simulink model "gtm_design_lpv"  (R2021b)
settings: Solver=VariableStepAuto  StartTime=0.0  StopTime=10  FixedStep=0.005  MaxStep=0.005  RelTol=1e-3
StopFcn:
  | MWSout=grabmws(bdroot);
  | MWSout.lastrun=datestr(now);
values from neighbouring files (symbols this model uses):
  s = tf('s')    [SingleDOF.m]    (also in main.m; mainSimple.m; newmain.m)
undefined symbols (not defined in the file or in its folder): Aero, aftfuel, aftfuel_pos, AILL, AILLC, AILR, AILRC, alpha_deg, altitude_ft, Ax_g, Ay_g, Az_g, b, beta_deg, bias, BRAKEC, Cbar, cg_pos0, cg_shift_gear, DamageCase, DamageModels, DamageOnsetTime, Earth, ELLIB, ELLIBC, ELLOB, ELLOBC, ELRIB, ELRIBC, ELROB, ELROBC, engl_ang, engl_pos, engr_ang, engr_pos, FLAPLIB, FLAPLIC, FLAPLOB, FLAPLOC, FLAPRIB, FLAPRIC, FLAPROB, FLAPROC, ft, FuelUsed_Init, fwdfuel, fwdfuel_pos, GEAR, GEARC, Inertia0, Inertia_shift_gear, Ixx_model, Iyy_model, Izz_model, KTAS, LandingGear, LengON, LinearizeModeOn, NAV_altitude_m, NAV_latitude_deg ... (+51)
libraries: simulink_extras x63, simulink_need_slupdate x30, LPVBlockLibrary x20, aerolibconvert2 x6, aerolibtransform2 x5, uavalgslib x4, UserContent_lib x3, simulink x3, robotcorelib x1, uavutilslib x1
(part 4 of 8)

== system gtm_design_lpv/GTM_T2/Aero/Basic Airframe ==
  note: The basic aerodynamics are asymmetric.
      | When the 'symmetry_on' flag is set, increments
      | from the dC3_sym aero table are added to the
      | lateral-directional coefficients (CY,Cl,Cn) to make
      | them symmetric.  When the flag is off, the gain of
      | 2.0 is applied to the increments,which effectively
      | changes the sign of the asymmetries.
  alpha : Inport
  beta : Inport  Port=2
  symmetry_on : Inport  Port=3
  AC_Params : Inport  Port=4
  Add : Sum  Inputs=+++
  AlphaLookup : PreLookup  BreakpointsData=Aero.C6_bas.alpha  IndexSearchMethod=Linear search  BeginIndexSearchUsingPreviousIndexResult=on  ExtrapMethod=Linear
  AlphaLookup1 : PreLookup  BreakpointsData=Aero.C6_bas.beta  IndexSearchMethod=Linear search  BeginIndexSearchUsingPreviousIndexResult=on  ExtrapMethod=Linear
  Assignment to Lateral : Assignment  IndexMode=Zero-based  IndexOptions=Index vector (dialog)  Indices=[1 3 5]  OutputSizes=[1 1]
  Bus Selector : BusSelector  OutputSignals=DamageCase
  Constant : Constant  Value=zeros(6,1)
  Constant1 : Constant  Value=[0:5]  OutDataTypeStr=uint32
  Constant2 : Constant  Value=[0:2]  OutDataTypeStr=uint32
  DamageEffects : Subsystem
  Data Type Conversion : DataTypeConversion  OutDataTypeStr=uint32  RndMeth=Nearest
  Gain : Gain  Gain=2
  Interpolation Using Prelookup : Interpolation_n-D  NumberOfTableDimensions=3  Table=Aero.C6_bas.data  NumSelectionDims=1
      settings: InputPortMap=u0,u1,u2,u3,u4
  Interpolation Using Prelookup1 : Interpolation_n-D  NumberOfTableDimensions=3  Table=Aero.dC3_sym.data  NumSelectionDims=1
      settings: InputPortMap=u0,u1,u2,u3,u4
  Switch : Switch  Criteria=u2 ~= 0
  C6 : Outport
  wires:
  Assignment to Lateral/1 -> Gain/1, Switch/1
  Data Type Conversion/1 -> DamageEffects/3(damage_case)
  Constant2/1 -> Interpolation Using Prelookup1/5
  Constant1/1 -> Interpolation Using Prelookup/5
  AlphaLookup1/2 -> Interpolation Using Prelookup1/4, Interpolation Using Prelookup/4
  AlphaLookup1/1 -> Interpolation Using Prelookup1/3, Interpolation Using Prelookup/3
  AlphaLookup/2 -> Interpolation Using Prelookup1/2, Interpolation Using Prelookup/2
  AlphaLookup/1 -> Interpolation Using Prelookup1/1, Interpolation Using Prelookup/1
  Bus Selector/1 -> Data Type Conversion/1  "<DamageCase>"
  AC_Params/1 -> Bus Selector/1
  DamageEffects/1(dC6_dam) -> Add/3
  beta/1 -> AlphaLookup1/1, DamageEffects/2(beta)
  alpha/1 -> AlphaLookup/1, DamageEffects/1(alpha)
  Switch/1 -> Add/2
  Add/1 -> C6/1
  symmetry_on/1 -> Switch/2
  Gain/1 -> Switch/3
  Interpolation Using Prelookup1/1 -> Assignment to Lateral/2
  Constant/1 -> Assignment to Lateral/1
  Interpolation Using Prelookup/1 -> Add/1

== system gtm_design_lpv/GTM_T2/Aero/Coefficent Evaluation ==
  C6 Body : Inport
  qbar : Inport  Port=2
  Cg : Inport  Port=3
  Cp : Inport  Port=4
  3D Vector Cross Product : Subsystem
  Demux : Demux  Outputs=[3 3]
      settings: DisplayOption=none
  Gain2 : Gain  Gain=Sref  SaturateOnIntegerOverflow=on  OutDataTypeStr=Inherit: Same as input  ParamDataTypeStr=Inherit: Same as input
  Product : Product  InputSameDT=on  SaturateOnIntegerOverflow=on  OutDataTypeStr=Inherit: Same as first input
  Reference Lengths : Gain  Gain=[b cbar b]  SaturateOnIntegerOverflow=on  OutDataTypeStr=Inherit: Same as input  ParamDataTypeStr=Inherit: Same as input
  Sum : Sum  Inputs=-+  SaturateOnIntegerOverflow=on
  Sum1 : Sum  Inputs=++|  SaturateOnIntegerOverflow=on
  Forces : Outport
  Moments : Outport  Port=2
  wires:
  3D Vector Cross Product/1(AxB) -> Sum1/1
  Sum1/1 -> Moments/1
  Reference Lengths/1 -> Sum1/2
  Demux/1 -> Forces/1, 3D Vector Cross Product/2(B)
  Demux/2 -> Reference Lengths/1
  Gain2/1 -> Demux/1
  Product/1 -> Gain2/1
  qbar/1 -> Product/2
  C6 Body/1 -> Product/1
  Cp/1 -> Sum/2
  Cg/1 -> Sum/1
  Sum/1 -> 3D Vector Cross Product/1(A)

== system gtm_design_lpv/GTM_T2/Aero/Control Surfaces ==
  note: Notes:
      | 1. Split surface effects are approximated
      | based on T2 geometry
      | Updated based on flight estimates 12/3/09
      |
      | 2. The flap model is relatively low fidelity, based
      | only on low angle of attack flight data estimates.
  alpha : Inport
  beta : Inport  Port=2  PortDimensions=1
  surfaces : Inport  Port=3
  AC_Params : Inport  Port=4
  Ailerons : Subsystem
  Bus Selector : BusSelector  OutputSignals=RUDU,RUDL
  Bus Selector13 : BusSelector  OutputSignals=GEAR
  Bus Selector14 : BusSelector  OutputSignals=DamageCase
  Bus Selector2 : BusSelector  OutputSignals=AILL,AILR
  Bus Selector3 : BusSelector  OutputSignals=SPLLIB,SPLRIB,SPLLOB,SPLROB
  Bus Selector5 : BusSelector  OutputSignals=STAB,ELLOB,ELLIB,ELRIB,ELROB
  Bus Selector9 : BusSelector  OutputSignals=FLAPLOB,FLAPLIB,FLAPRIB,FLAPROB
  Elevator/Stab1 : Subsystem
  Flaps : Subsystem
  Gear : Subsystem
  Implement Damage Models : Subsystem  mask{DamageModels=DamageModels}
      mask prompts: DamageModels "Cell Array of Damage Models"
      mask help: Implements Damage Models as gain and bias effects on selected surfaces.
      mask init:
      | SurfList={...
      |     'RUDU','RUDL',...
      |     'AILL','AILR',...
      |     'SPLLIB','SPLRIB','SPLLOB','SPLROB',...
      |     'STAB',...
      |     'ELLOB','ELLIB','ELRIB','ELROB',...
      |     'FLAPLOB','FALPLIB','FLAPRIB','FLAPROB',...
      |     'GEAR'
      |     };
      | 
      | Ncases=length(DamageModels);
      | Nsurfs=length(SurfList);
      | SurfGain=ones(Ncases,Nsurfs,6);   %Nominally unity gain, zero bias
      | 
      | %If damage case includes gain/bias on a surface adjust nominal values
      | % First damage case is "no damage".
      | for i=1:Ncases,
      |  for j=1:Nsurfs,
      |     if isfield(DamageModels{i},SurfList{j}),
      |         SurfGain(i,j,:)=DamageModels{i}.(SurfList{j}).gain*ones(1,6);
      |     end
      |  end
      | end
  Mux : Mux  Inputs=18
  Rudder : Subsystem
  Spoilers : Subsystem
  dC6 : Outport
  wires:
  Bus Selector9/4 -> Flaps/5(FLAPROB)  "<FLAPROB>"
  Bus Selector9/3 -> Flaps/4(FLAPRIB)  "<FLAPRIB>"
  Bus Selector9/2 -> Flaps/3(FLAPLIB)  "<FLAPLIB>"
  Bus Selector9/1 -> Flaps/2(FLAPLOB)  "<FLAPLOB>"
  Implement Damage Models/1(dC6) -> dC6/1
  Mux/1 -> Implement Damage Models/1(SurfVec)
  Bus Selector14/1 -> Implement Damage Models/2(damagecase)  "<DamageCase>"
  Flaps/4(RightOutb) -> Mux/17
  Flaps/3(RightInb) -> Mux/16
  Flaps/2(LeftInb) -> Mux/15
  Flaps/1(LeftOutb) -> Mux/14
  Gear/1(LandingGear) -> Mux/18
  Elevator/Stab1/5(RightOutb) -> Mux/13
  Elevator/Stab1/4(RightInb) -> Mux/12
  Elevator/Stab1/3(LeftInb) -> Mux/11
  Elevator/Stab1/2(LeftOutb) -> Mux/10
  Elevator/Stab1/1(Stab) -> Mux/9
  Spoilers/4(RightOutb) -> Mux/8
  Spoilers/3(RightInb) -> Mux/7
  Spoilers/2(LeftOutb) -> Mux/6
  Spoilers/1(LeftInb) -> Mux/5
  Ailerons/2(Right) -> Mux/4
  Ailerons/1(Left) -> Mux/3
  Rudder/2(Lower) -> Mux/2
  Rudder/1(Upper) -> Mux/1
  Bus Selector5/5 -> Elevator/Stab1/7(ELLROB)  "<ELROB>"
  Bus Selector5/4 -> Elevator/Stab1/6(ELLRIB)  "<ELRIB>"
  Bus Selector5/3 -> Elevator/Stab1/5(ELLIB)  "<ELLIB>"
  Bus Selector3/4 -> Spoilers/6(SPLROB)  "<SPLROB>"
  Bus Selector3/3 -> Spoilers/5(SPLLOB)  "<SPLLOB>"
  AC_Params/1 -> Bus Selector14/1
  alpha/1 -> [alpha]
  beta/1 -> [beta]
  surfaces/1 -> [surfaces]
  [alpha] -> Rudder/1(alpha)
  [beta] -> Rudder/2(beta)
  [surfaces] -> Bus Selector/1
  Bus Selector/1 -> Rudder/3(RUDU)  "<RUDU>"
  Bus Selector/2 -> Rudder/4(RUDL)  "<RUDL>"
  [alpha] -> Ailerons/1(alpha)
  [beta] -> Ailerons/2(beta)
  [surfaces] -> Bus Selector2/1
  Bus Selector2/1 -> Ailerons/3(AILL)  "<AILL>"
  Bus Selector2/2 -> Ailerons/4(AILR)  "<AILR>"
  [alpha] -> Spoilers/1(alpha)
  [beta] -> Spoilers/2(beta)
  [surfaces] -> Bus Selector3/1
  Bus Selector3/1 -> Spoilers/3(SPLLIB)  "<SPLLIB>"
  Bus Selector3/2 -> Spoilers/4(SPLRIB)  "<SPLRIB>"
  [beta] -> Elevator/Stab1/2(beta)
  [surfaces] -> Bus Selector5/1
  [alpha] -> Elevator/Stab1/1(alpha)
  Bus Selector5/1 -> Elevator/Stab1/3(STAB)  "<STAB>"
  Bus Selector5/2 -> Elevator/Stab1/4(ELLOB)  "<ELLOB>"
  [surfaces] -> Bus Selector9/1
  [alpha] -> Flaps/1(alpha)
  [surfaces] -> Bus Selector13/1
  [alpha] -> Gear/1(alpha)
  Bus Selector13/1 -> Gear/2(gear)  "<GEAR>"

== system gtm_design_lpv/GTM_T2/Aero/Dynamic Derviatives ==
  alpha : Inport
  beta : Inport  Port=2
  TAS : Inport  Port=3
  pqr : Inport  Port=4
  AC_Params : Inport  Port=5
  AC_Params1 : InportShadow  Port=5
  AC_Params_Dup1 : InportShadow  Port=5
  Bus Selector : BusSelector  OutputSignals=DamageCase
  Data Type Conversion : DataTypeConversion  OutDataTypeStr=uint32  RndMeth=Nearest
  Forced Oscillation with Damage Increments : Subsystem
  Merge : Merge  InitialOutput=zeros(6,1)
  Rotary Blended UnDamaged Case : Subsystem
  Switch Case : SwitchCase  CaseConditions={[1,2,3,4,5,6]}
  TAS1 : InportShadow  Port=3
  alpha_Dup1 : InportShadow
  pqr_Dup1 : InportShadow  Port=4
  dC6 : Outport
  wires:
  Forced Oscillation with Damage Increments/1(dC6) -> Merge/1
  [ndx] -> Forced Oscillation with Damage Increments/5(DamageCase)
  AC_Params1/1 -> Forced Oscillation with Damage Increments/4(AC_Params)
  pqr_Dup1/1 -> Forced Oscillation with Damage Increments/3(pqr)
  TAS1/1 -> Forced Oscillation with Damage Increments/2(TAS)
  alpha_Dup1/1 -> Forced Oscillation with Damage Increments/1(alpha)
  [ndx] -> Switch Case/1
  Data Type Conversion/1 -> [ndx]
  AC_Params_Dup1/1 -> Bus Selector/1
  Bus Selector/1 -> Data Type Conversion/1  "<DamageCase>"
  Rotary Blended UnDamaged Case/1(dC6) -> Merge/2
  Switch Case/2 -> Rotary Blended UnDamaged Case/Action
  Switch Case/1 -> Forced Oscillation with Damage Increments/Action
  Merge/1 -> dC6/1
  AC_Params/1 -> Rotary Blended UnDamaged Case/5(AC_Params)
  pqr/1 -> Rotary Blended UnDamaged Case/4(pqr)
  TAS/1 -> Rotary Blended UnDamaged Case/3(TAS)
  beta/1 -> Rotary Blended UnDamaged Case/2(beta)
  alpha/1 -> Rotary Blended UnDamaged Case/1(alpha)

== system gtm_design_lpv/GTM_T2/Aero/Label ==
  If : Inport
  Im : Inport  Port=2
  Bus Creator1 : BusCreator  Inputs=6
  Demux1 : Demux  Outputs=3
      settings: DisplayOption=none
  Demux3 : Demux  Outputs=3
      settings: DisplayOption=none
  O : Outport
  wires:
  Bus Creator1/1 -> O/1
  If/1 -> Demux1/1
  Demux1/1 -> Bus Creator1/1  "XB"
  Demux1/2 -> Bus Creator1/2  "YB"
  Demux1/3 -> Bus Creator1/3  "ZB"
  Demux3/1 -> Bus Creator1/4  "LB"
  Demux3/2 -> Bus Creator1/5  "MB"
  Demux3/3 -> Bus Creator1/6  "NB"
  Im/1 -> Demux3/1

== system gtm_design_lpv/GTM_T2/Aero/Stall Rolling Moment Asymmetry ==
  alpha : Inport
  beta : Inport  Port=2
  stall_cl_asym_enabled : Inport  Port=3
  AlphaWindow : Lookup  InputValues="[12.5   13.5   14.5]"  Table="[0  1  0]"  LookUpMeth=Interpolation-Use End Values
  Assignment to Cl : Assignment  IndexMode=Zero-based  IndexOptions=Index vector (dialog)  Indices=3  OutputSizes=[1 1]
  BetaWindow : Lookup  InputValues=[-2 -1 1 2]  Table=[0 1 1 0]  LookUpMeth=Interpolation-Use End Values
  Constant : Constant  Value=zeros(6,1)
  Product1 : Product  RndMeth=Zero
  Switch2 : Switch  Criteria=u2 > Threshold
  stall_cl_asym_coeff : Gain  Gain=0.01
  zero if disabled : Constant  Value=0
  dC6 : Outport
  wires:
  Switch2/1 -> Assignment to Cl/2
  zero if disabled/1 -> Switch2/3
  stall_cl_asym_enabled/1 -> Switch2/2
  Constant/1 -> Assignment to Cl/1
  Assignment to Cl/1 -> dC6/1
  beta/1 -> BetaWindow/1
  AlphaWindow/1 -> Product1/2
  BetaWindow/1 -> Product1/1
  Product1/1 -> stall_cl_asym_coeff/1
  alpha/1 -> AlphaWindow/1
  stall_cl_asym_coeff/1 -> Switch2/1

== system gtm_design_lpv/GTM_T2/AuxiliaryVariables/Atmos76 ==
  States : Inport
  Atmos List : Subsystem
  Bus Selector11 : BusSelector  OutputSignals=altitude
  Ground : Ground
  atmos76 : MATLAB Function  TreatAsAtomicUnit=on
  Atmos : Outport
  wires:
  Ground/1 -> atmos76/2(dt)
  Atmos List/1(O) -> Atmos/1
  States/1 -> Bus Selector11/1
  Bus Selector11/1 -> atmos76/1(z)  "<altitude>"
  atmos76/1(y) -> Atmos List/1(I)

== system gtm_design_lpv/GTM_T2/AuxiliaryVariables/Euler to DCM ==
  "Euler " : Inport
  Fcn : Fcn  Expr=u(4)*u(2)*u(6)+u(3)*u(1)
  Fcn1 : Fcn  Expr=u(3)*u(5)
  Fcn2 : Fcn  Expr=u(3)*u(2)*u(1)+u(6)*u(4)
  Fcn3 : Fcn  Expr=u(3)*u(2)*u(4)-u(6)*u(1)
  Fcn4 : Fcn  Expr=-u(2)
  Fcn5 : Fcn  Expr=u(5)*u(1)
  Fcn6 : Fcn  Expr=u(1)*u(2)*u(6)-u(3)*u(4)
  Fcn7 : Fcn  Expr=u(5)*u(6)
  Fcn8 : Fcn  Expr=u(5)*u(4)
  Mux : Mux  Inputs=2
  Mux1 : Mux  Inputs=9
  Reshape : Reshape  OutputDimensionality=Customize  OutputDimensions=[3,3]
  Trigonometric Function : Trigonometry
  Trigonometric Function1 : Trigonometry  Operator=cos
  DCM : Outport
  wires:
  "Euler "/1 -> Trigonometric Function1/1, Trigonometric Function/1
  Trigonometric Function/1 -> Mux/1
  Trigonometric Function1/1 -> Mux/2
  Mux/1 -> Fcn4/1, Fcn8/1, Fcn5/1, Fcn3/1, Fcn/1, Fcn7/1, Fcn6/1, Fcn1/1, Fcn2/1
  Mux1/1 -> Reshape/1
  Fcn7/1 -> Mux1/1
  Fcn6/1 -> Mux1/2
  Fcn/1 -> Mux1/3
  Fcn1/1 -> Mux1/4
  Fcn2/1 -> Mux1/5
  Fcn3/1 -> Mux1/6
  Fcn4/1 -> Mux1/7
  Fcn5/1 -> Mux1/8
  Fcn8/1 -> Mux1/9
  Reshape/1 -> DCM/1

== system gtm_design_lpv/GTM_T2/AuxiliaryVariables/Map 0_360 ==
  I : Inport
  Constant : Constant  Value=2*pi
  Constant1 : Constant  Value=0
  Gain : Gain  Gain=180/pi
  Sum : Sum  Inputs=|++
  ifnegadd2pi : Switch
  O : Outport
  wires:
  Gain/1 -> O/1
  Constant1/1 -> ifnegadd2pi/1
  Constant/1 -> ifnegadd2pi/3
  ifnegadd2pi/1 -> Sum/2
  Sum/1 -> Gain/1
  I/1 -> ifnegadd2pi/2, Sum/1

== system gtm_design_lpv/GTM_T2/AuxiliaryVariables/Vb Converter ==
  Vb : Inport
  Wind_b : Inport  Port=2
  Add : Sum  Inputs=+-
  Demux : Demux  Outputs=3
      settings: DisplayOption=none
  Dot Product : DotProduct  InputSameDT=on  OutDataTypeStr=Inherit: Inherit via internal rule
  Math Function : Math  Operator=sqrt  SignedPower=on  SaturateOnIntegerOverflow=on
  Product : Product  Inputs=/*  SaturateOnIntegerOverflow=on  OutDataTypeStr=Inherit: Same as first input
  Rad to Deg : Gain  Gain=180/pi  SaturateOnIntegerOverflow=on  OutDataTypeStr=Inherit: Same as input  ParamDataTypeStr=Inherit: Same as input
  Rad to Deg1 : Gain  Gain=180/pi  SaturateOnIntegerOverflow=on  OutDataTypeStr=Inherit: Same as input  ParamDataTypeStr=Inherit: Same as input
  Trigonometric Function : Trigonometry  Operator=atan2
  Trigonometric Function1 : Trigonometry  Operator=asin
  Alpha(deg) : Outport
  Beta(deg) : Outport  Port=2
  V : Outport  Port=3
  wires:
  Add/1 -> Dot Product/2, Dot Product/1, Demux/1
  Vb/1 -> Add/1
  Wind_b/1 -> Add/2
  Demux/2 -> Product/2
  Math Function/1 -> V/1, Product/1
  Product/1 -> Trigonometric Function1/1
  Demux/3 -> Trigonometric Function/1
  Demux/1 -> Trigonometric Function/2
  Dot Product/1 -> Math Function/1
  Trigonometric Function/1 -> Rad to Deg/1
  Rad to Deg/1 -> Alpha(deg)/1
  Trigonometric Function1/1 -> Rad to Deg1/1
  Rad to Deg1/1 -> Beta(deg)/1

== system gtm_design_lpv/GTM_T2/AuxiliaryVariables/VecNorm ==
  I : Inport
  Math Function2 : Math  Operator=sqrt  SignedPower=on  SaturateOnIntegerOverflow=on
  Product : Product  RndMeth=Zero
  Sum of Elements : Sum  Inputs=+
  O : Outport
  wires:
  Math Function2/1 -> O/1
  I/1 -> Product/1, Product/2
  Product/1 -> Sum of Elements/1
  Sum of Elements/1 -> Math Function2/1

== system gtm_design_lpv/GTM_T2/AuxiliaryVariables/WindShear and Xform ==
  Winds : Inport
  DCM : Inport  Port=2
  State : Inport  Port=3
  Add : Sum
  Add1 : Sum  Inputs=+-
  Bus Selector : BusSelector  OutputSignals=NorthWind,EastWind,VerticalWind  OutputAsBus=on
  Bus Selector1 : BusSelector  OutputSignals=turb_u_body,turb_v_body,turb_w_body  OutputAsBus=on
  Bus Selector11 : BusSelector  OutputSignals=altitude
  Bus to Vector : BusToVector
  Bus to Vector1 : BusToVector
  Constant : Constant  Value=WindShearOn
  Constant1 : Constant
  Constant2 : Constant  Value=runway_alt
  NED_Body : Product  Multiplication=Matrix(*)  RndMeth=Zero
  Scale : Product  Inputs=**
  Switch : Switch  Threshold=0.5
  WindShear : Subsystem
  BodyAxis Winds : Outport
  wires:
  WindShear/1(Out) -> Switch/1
· · ·
Your response should hold the lines from the first line of the entries above through the line with "added to the", each retyped exactly, and nothing else.

[Written answer]
simulink model "gtm_design_lpv"  (R2021b)
settings: Solver=VariableStepAuto  StartTime=0.0  StopTime=10  FixedStep=0.005  MaxStep=0.005  RelTol=1e-3
StopFcn:
  | MWSout=grabmws(bdroot);
  | MWSout.lastrun=datestr(now);
values from neighbouring files (symbols this model uses):
  s = tf('s')    [SingleDOF.m]    (also in main.m; mainSimple.m; newmain.m)
undefined symbols (not defined in the file or in its folder): Aero, aftfuel, aftfuel_pos, AILL, AILLC, AILR, AILRC, alpha_deg, altitude_ft, Ax_g, Ay_g, Az_g, b, beta_deg, bias, BRAKEC, Cbar, cg_pos0, cg_shift_gear, DamageCase, DamageModels, DamageOnsetTime, Earth, ELLIB, ELLIBC, ELLOB, ELLOBC, ELRIB, ELRIBC, ELROB, ELROBC, engl_ang, engl_pos, engr_ang, engr_pos, FLAPLIB, FLAPLIC, FLAPLOB, FLAPLOC, FLAPRIB, FLAPRIC, FLAPROB, FLAPROC, ft, FuelUsed_Init, fwdfuel, fwdfuel_pos, GEAR, GEARC, Inertia0, Inertia_shift_gear, Ixx_model, Iyy_model, Izz_model, KTAS, LandingGear, LengON, LinearizeModeOn, NAV_altitude_m, NAV_latitude_deg ... (+51)
libraries: simulink_extras x63, simulink_need_slupdate x30, LPVBlockLibrary x20, aerolibconvert2 x6, aerolibtransform2 x5, uavalgslib x4, UserContent_lib x3, simulink x3, robotcorelib x1, uavutilslib x1
(part 4 of 8)

== system gtm_design_lpv/GTM_T2/Aero/Basic Airframe ==
  note: The basic aerodynamics are asymmetric.
      | When the 'symmetry_on' flag is set, increments
      | from the dC3_sym aero table are added to the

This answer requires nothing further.